The AMOVA showed that grouping all the thermal populations together in a single OTU produces a situation in which there is more variation partitioned among the OTUs than within them (Table 4). Splitting this hypothesized thermal OTU into its component parts does not greatly change the partitioning of variation, but grouping it with its closest relative, nonthermal A. scabra, increases the variation within OTUs from 35% to 46% (Table 4). It therefore seems reasonable to consider all the thermal populations as a single taxonomic unit that is separate from nonthermal A. scabra. Olfelt et al. (2001)
used an AMOVA to reach a similar conclusion in their delineation of Sedum taxa.

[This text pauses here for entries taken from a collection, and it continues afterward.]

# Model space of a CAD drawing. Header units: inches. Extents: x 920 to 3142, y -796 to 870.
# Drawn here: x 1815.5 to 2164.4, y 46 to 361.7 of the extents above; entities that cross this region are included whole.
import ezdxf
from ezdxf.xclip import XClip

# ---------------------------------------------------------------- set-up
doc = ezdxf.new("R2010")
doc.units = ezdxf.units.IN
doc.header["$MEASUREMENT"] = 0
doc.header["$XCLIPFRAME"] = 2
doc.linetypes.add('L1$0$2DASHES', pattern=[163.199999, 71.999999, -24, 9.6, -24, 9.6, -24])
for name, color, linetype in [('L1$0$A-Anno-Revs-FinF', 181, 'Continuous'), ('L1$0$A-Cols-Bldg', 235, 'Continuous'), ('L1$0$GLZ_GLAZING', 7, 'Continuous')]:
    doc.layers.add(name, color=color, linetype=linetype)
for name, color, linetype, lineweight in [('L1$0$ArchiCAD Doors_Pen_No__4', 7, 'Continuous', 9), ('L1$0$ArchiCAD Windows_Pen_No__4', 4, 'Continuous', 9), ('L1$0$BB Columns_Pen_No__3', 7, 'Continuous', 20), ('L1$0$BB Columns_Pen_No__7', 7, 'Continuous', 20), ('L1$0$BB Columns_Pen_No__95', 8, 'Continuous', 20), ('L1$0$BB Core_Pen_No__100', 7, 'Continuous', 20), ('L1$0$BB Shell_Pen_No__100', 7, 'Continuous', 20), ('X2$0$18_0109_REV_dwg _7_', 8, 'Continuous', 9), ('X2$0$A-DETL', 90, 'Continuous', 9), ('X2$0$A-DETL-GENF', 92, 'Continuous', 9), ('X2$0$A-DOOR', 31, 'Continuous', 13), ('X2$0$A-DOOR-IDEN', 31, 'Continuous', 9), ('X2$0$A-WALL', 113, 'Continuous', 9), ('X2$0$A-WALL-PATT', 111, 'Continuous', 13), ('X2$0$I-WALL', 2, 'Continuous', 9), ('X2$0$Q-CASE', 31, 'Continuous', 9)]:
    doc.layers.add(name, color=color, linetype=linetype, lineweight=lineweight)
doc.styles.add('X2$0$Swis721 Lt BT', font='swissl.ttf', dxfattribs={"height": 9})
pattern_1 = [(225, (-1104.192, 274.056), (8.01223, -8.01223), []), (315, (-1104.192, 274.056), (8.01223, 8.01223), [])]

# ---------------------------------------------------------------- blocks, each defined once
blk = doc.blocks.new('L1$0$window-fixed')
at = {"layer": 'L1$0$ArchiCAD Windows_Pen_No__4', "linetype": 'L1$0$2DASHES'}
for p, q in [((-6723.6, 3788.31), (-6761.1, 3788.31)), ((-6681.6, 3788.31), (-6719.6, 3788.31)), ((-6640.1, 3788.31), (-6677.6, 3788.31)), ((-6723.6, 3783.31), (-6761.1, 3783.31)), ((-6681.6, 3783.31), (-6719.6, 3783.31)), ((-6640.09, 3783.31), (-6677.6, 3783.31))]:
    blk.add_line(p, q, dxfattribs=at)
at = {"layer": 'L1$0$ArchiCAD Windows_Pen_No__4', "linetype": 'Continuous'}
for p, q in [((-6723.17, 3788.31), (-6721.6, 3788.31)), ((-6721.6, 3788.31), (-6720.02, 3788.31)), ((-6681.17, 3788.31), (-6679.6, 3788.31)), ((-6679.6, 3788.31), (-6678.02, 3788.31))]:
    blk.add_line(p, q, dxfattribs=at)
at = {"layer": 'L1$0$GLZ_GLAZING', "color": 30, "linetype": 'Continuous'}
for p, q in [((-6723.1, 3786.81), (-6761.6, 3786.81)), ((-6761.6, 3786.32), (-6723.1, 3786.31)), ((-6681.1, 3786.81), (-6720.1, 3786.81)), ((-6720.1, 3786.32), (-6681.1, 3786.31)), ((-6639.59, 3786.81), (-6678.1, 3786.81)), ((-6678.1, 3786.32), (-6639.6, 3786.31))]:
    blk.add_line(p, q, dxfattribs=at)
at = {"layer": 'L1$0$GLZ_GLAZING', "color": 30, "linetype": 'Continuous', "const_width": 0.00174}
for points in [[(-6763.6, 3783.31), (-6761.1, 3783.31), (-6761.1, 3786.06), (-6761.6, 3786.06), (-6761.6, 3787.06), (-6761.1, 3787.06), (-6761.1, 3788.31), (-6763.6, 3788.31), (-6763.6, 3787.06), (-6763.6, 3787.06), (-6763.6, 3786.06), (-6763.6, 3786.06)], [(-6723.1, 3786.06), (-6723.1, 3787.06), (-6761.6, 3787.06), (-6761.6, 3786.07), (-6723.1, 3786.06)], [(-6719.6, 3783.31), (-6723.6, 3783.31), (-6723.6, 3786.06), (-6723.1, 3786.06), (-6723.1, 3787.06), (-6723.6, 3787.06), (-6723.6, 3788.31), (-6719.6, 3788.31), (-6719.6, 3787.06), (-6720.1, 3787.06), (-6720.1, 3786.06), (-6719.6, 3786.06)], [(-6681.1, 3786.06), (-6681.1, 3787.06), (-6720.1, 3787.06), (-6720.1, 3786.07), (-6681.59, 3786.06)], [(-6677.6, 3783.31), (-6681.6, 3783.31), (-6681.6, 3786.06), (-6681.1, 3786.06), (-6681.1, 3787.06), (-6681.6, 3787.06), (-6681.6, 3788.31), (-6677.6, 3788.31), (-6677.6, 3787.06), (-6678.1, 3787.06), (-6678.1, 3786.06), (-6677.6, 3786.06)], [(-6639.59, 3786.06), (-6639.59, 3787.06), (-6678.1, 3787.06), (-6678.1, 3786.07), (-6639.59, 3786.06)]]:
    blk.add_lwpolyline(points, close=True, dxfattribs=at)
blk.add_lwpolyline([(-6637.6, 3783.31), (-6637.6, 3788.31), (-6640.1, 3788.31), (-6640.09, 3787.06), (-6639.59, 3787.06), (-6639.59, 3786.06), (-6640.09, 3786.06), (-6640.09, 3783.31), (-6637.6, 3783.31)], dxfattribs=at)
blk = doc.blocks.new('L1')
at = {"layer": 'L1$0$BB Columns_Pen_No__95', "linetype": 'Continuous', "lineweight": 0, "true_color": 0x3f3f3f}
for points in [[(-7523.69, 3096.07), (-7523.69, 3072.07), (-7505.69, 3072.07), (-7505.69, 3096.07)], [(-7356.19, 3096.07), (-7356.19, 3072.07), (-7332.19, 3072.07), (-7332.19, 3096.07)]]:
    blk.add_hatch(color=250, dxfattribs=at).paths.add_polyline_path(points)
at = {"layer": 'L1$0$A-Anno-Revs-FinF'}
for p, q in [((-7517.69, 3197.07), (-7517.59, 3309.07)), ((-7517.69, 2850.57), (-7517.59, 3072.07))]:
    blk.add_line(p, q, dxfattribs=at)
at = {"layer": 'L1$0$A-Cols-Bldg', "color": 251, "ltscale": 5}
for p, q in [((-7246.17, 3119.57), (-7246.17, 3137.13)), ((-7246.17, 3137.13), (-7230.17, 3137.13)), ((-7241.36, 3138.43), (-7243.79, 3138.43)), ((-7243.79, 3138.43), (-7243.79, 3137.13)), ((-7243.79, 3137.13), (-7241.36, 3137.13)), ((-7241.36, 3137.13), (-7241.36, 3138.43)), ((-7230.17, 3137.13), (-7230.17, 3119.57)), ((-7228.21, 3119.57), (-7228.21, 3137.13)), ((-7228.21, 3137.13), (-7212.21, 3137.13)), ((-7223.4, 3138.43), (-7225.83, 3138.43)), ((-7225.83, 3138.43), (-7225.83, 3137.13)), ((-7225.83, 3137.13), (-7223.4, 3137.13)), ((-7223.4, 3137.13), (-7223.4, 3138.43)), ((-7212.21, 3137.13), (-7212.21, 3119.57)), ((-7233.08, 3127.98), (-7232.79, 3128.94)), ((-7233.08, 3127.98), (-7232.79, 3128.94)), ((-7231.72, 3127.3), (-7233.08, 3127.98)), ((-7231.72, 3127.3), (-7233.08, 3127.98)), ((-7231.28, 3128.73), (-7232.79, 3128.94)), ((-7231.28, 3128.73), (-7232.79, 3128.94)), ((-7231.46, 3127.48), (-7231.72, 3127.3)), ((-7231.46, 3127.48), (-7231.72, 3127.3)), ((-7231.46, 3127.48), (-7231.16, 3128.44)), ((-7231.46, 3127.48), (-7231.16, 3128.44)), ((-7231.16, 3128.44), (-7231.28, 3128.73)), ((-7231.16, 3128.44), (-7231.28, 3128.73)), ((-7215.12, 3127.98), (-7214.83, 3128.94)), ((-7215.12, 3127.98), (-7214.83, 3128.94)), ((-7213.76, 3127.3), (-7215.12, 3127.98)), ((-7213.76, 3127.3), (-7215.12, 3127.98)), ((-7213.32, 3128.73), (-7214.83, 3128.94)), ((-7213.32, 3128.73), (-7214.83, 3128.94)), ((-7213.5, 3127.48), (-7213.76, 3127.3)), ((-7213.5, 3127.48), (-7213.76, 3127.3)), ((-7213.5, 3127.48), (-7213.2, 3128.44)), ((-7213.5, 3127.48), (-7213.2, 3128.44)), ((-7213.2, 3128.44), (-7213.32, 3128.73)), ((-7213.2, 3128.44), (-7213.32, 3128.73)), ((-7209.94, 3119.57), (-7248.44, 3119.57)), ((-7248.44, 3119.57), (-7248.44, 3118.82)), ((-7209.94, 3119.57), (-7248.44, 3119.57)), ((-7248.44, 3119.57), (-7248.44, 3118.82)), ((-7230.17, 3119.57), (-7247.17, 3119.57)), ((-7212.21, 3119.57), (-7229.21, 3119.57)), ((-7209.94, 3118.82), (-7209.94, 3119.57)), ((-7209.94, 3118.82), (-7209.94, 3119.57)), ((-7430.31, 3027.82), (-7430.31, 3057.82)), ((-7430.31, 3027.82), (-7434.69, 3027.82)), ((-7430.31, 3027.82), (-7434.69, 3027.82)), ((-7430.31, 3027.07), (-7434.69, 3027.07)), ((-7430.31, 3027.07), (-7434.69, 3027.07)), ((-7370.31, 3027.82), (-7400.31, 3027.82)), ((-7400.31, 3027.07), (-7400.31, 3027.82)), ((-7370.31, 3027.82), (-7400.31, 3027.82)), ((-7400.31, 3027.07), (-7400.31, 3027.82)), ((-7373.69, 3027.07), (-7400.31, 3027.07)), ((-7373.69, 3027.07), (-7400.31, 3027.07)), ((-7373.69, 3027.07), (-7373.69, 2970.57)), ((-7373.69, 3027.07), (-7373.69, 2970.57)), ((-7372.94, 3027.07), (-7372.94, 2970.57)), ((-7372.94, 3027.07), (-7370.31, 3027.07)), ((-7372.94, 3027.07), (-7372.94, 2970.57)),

The phenogram presented here (Fig. 1) may serve as a working hypothesis of the historical relationships among the study taxa until data from more explicitly phylogenetic methods become available. Cladistic methods are often considered preferable to phenetic methods for hypothesizing historical relationships (Li, 1999
), and some authors have pointed out that RAPDs bands may not always be homologous among taxa (e.g., Rieseberg, 1996
). However, the results of the present study corroborate the morphological taxonomic work of Bjorkmann (1960)
and Carlbom (1968)
in their separation of taxa that possess a palea (A. capillaries, A. humilis, and A. thurberiana) from those that do not, and they confirm the grouping of A. mertensii with nonthermal A. scabra, which could be predicted from their morphological similarity (M. T. Tercek, personal observation). More generally, several authors have found RAPD-based phenograms to be similar to trees produced by other methods, including morphological cladistics (e.g., James and Brown, 2000
; Fjellheim et al., 2001
; Olfelt et al., 2001
), inter-simple sequence repeats (ISSR) (Ayres and Strong, 2001
), restriction fragment length polymorphisms (RFLP) (Nocelli et al., 1999
), and isozymes (e.g., Sun and Wong, 2001
).
In conclusion, RAPD data suggest that thermal Agrostis populations of North American and Kamchatka, regardless of their geographic location, are historically related and may comprise a monophyletic taxon, although explicitly cladistic methods, based on other characters, should be used to confirm this conclusion. Field botanists and systematists should be aware that nonthermal A. scabra can be easily confused with thermal A. scabra (Hitchcock and Cronquist, 1973
; Dorn, 2001
), but they can be distinguished morphologically (Table 1). Additional research is needed before the thermal populations can be given taxonomic rank. In particular, it is important to verify the apparent consanguinity of A. rossiae and thermal A. scabra. Because they are morphologically distinct, appear to be autogamous, and probably do not hybridize in the field, they are best treated as separate species until more information is available.